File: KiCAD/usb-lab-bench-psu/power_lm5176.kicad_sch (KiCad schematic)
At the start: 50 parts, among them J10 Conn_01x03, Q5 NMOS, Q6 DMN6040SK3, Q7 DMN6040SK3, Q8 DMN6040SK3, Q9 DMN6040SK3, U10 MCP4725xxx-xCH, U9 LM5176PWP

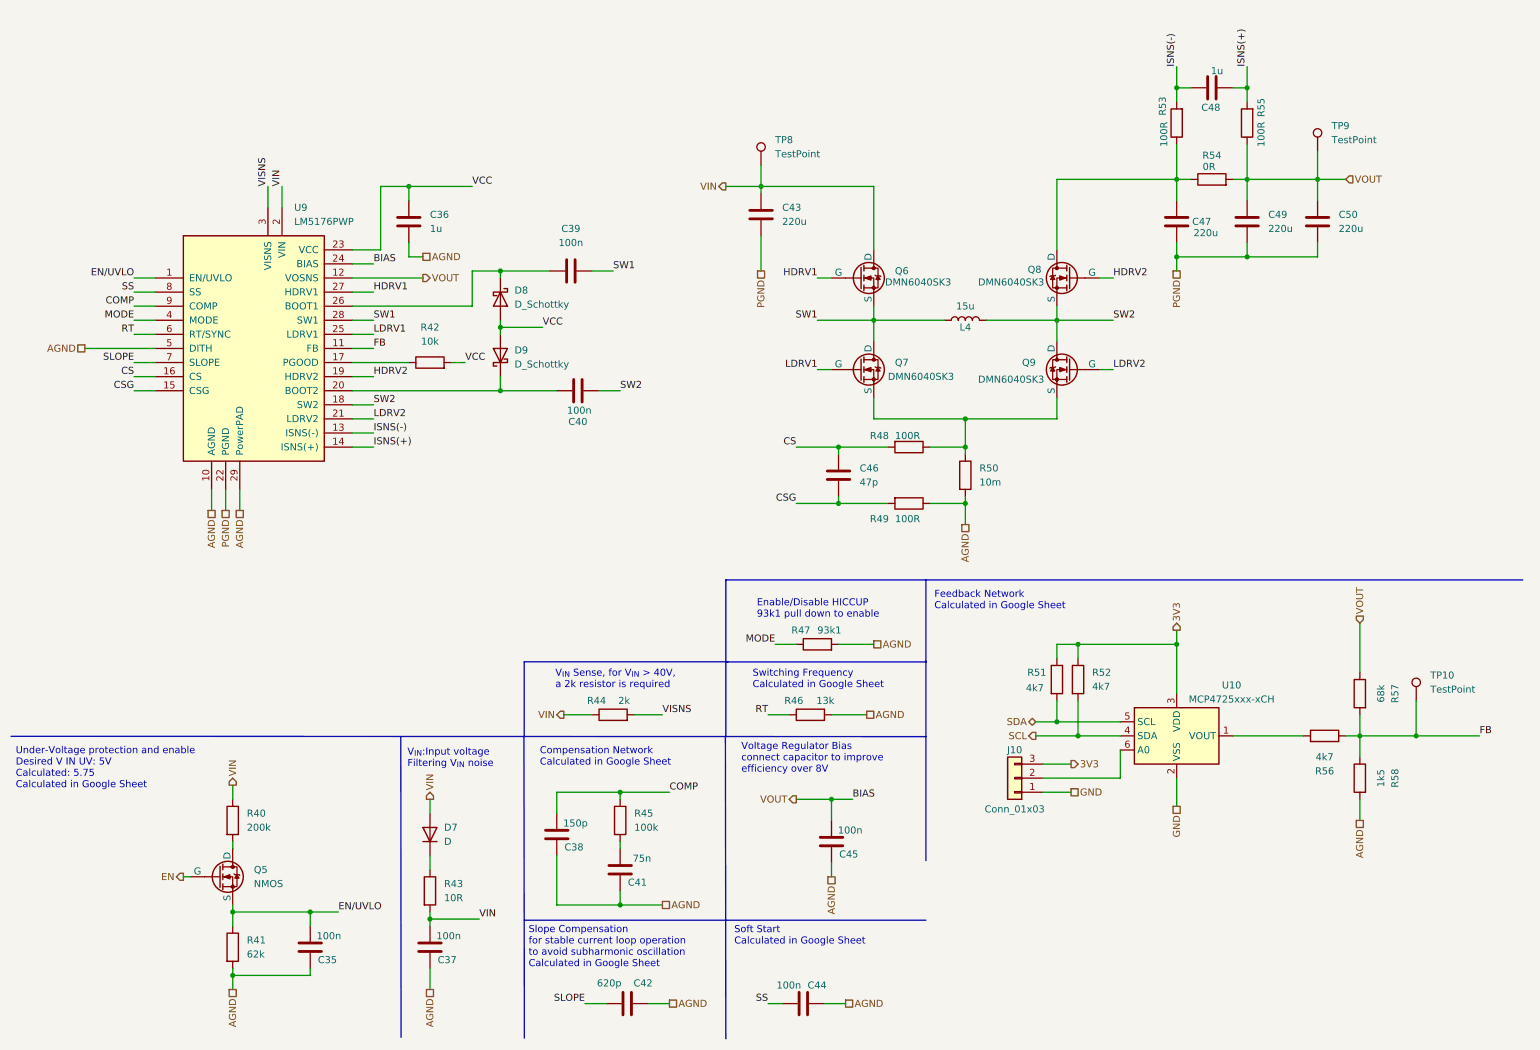
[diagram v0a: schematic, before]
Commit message: Updated schematic for buck-boost-converter
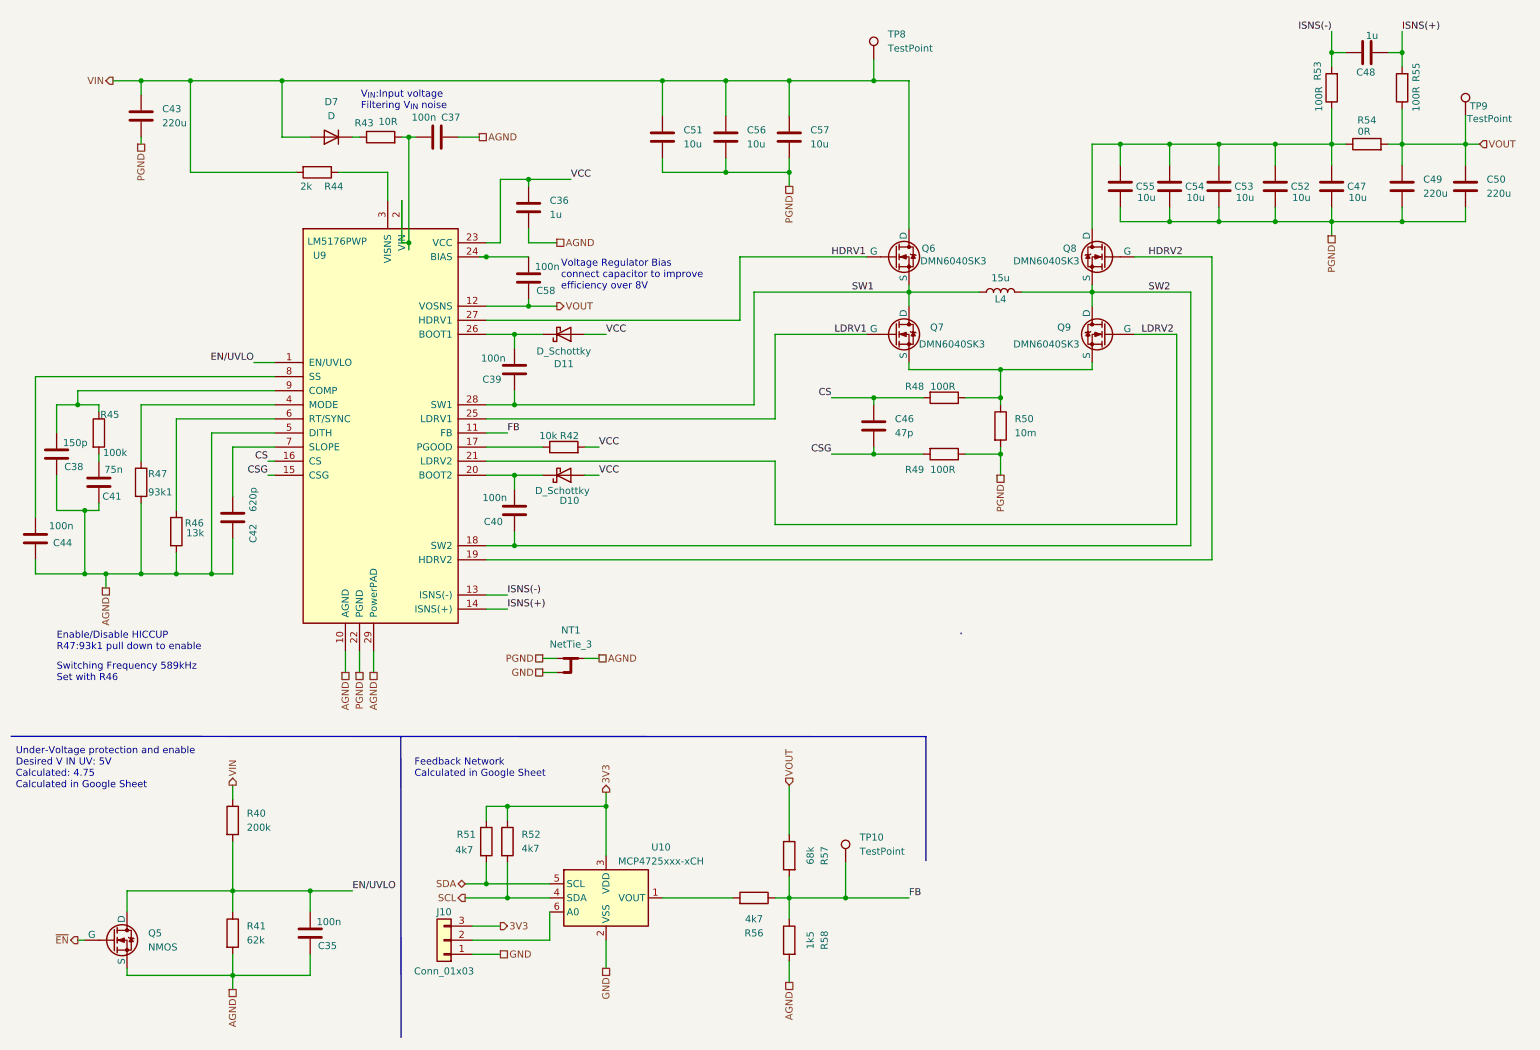
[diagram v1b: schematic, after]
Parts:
- removed C45: 100n, symbol Device:C
- removed D8, D9: D_Schottky, symbol Device:D_Schottky
- added C51, C52, C53, C54, C55, C56, C57: 10u, symbol Device:C
- added C58: 100n, symbol Device:C
- added D10, D11: D_Schottky, symbol Device:D_Schottky
- added NT1: NetTie_3, symbol Device:NetTie_3
- C47: value 220u -> 10u
- U9: symbol Regulator_Switching:LM5176PWP -> Prj_dcdc_converter:LM5176PWPR
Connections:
- net AGND: now also C36.1, Q5.3 (S), NT1.2; no longer C36.2, R49.1, R50.2
- net EN/UVLO: now also Q5.1 (D), R40.2; no longer Q5.3 (S)
- net GND: now also NT1.3
- net PGND: now also R49.1, R50.2, C51.2, C52.2, C53.2, C54.2, C55.2, C56.2, C57.2, NT1.1
- net SW2: now also C40.1; no longer C40.2
- net VCC: now also C36.2, D10.2 (A), D11.2 (A); no longer C36.1
- net VIN: now also R44.2, C51.1, C56.1, C57.1; no longer C37.1, R43.2, R44.1, U9.2 (VIN)
- net VOUT: now also C58.2; no longer U9.24 (BIAS)
- net at U9.20 (BOOT2): now also C40.2, D10.1 (K); no longer C40.1
- net at C39.1, U9.26 (BOOT1): now also D11.1 (K)
- net at C47.1, Q8.1 (D), R53.1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: now also C52.1, C53.1, C54.1, C55.1
- net COMP: no longer names the net of C38.1, R45.1, U9.9 (COMP)
- net EN renamed ~{EN}
- net MODE: no longer names the net of R47.1, U9.4 (MODE)
- net RT: no longer names the net of R46.1, U9.6 (RT/SYNC)
- net SLOPE: no longer names the net of C42.1, U9.7 (SLOPE)
- net SS: no longer names the net of C44.1, U9.8 (SS)
- net VISNS: no longer names the net of U9.3 (VISNS)
- net VISNS: now also R44.1; no longer R44.2
- new net: C37.1, R43.2, U9.2 (VIN)
- new net: C58.1, U9.24 (BIAS)
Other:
- note added: "Enable/Disable HICCUP R47:93k1 pull down to enable"
- note added: "Switching Frequency 589kHz Set with R46"
- note added: "Under-Voltage protection and enable Desired V IN UV: 5V Calculated: 4.75 Calculated in Google Sheet"
- note removed: "Compensation Network Calculated in Google Sheet"
- note removed: "Enable/Disable HICCUP 93k1 pull down to enable"
- note removed: "Slope Compensation for stable current loop operation to avoid subharmonic oscillation Calculated in Google Sheet"
- note removed: "Soft Start Calculated in Google Sheet"
- note removed: "Switching Frequency Calculated in Google Sheet"
- note removed: "Under-Voltage protection and enable Desired V IN UV: 5V Calculated: 5.75 Calculated in Google Sheet"
- note removed: "V_{IN} Sense, for V_{IN} > 40V, a 2k resistor is required"
- moved on the sheet: C35, C36, C38, C39, C40, C41, C42, C44, C46, C47, C48, C49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

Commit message: added current limitting feedback circuit
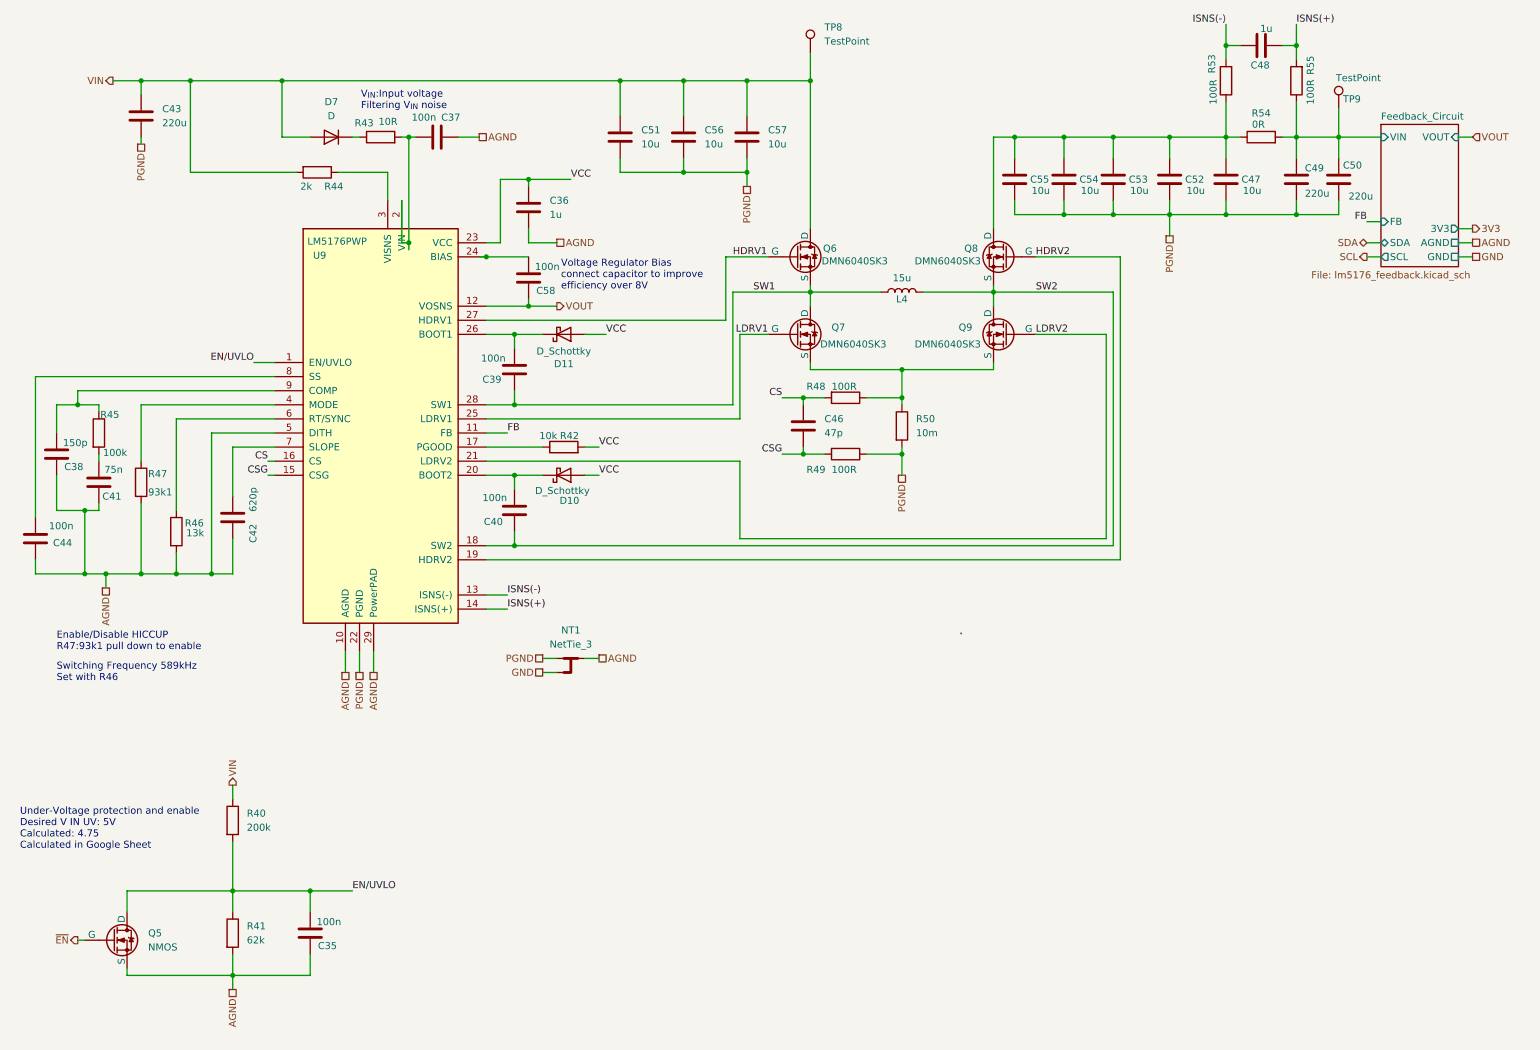
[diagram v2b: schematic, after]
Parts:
- removed J10: Conn_01x03, symbol Connector_Generic:Conn_01x03
- removed R51, R52, R56: 4k7, symbol Device:R
- removed R57: 68k, symbol Device:R
- removed R58: 1k5, symbol Device:R
- removed TP10: TestPoint, symbol Connector:TestPoint
- removed U10: MCP4725xxx-xCH, Package_TO_SOT_SMD:SOT-23-6, symbol Analog_DAC:MCP4725xxx-xCH
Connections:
- net VOUT: no longer C49.1, C50.1, R54.2, R55.1, TP9.1
- new net Feedback_Circuit/VIN: C49.1, C50.1, R54.2, R55.1, TP9.1
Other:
- added sheet Feedback_Circuit (lm5176_feedback.kicad_sch)
- note removed: "Feedback Network Calculated in Google Sheet"
- moved on the sheet: C46, C47, C48, C49, C50, C51, C52, C53, C54, C55, C56, C57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

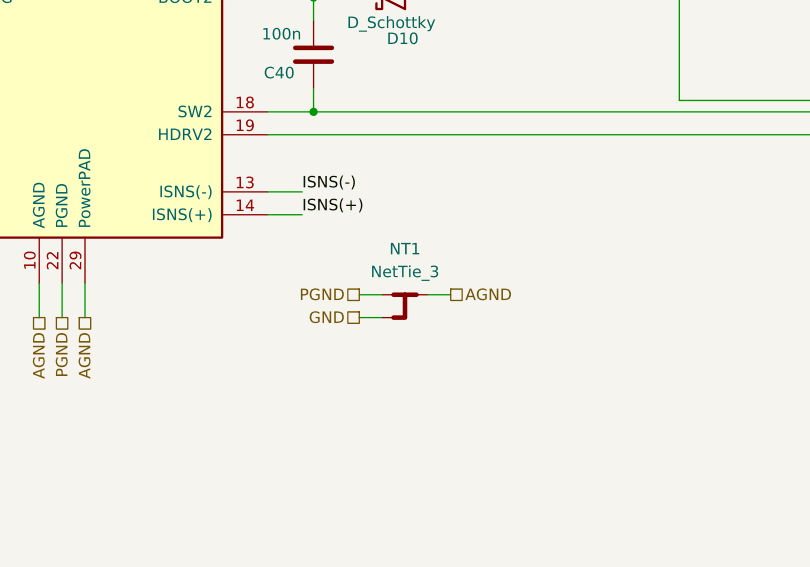
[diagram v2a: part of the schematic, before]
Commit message: restructured schematics to better show individual boards
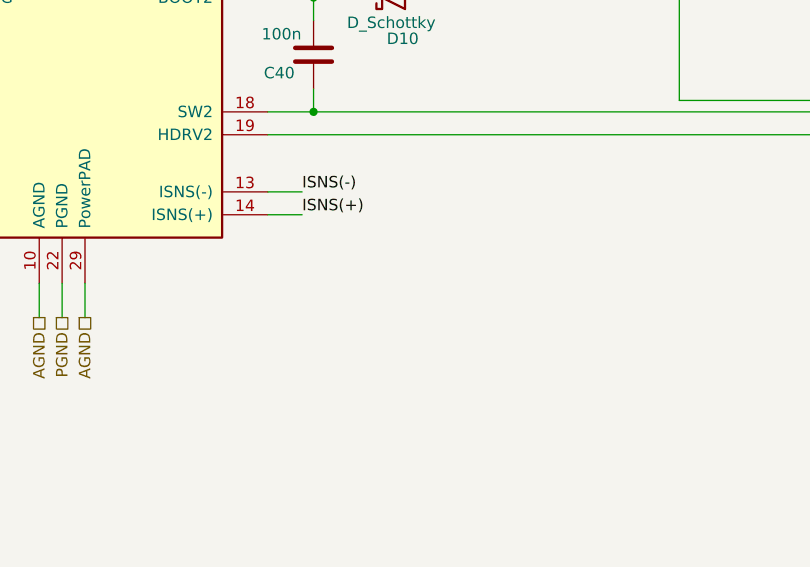
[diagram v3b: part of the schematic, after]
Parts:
- removed NT1: NetTie_3, symbol Device:NetTie_3

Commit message: updated spi for display
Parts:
- renumbered C44 to C68, C38 to C69, C41 to C70, C43 to C71, C42 to C72, C35 to C73, C37 to C74, C39 to C75, C40 to C76, C36 to C77, C58 to C78, C51 to C79, C56 to C80, C57 to C81, C46 to C82, C55 to C83, C54 to C84, C53 to C85, C52 to C86, C47 to C87, C48 to C88, C49 to C89, C50 to C90, D7 to D14, D11 to D15, D10 to D16, L4 to L8, Q7 to Q10, Q8 to Q11, Q9 to Q12, Q5 to Q3, Q6 to Q4, R45 to R77, R47 to R78, R46 to R79, R40 to R80, R41 to R81, R44 to R82, R43 to R83, R42 to R84, R48 to R85, R49 to R86, R50 to R87, R53 to R88, R54 to R89, R55 to R90, TP8 to TP14, TP9 to TP15, U9 to U15
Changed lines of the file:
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@@
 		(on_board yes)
#####
### PROBLEM TO SOLVE:
Report only how many lines in the entries contain "after".

### SOLUTION TO THIS PROBLEM:
3